The Computation of the Limit
R'enyi provides the following theorem:
Theorem. One has the limit $$ \lim_{x \to \infty} \frac{M(x)}{x} = C_R $$ with $$ C_R = \int_{0}^{\infty} \exp \left( -2 \int_{0}^{t} \frac{1 - e^{-u}}{u} du \right) dt $$
In order to compute the limit, R'enyi makes use of the following Tauberian theorem (stated without proof):
Theorem. if $f$ is positive and integrable over every finite interval $(0, T)$ and $e^{-st}f(t)$ is integrable over $(0, \infty)$ for any $s > 0$ and if $$ g(s) = \int_{0}^{\infty} e^{-st} f(t) dt \simeq H s^{-\beta} \text{ as } s \to 0 $$ where $\beta > 0$ and $H > 0$ then when $x \to \infty$, we have $$ F(x) = \int_{0}^{x} f(t) dt \simeq \frac{H}{\Gamma(1 + \beta)} x^{\beta} \text{ as } x \to \infty $$
Proof.
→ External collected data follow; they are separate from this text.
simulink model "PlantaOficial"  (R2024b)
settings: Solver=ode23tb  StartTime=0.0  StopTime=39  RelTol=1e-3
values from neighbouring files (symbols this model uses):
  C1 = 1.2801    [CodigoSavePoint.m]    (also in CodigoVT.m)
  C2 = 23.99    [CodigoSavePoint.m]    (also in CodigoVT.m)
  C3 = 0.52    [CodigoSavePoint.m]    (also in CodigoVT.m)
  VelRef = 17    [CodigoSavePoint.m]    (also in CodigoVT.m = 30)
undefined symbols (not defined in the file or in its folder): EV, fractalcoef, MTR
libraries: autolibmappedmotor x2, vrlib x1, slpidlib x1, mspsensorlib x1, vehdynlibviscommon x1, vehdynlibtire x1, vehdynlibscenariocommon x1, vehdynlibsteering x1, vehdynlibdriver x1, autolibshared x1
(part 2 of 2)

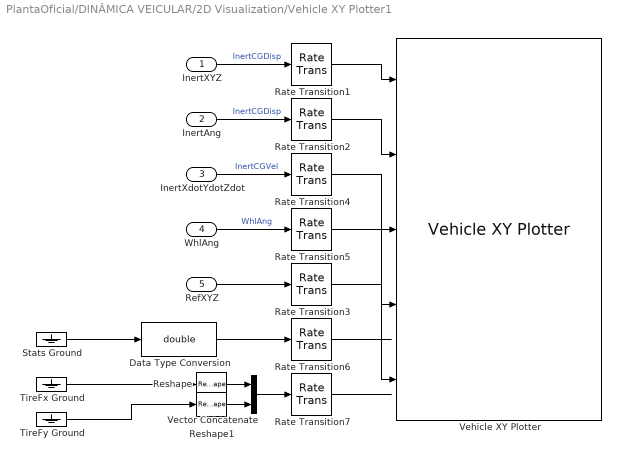
== system PlantaOficial/DINÂMICA VEICULAR/2D Visualization/Vehicle XY Plotter1 ==
  InertXYZ : Inport
  InertAng : Inport  Port=2
  InertXdotYdotZdot : Inport  Port=3
  WhlAng : Inport  Port=4
  RefXYZ : Inport  Port=5
  Data Type Conversion : DataTypeConversion  OutDataTypeStr=double  SaturateOnIntegerOverflow=off  RndMeth=Floor
  Rate Transition{1..7} (7 alike) : RateTransition  Deterministic=off  OutPortSampleTime=pltDT
  Reshape : Reshape  OutputDimensionality=Row vector (2-D)
  Reshape1 : Reshape  OutputDimensionality=Row vector (2-D)
  Stats Ground : Ground
  TireFx Ground : Ground
  TireFy Ground : Ground
  Vector Concatenate : Concatenate  Mode=Multidimensional array
  Vehicle XY Plotter : vehdynlibviscommon/Vehicle XY Plotter  w=w  a=a  b=b  figBorder=figBorder  bufferSize=bufferSize  extStats=off  extTireF=off
  wires:
  Vector Concatenate/1 -> Rate Transition7/1
  Reshape1/1 -> Vector Concatenate/2
  Reshape/1 -> Vector Concatenate/1
  RefXYZ/1 -> Rate Transition3/1
  Rate Transition7/1 -> ?
  Data Type Conversion/1 -> Rate Transition6/1
  Rate Transition6/1 -> ?
  Rate Transition5/1 -> Vehicle XY Plotter/4
  Rate Transition4/1 -> Vehicle XY Plotter/3
  Rate Transition2/1 -> Vehicle XY Plotter/2
  Rate Transition1/1 -> Vehicle XY Plotter/1
  Rate Transition3/1 -> Vehicle XY Plotter/5
  WhlAng/1 -> Rate Transition5/1  "WhlAng"
  InertXYZ/1 -> Rate Transition1/1  "InertCGDisp"
  InertXdotYdotZdot/1 -> Rate Transition4/1  "InertCGVel"
  InertAng/1 -> Rate Transition2/1  "InertCGDisp"
  Stats Ground/1 -> Data Type Conversion/1
  TireFx Ground/1 -> Reshape/1
  TireFy Ground/1 -> Reshape1/1

If we re-arrange equation $4$ we have:
$$ s^2 \varphi(s) = e^{-s} \int_{s}^{\infty} \exp \left( -2 \int_{s}^{t} \frac{1 - e^{-u}}{u} du \right) dt $$
taking the limit as $s \to 0$:
$$ \begin{align*} \lim_{s \to 0} s^2 \varphi(s) & = \int_{0}^{\infty} \exp \left( -2 \int_{0}^{t} \frac{1 - e^{-u}}{u} du \right) dt \\ & = C_R \end{align*} $$
from the definition of $\varphi(s)$ ( equation $3$ ):
$$ \int_{0}^{\infty} M(x) e^{-sx} dx = \frac{C_R}{s^2} $$
as $s \to 0$. Applying the above theorem, we get:
$$ \begin{align*} \int_{0}^{x} M(t) dt & = \frac{C_R x^2}{\Gamma(3)} \\ & = \frac{C_R x^2}{2} \\ \frac{2}{x^2} \int_{0}^{x} M(t) dt & = C_R \end{align*} $$
as $x \to \infty$. Returning to the familiar equation $1$ and dividing across by $x$, and taking the limit as $x \to \infty$, we have:
$$ \begin{align*} \lim_{x \to \infty} \frac{M(x)}{x} & = \lim_{x \to \infty} \left( \frac{1}{x} + \frac{2}{x (x - 1)} \int_{0}^{x - 1} M(t) dt \right) \\ & = C_R \end{align*} $$
which is the required limit. $\square$
Remarks
While certainly more interesting than Weiner's approach - indeed an expression for the jamming limit is derived - this author is still left feeling dissatisfied by the approach taken. The Laplace transform of the master equation is introduced without any of it's specific features being used - for example, the reduction of an analytic problem to an algebraic problem, and no inverse step is performed - it is merely used as a convenient form in order to apply a Tauberian theorem, and hence the reference to the Laplace Transform could have been omitted.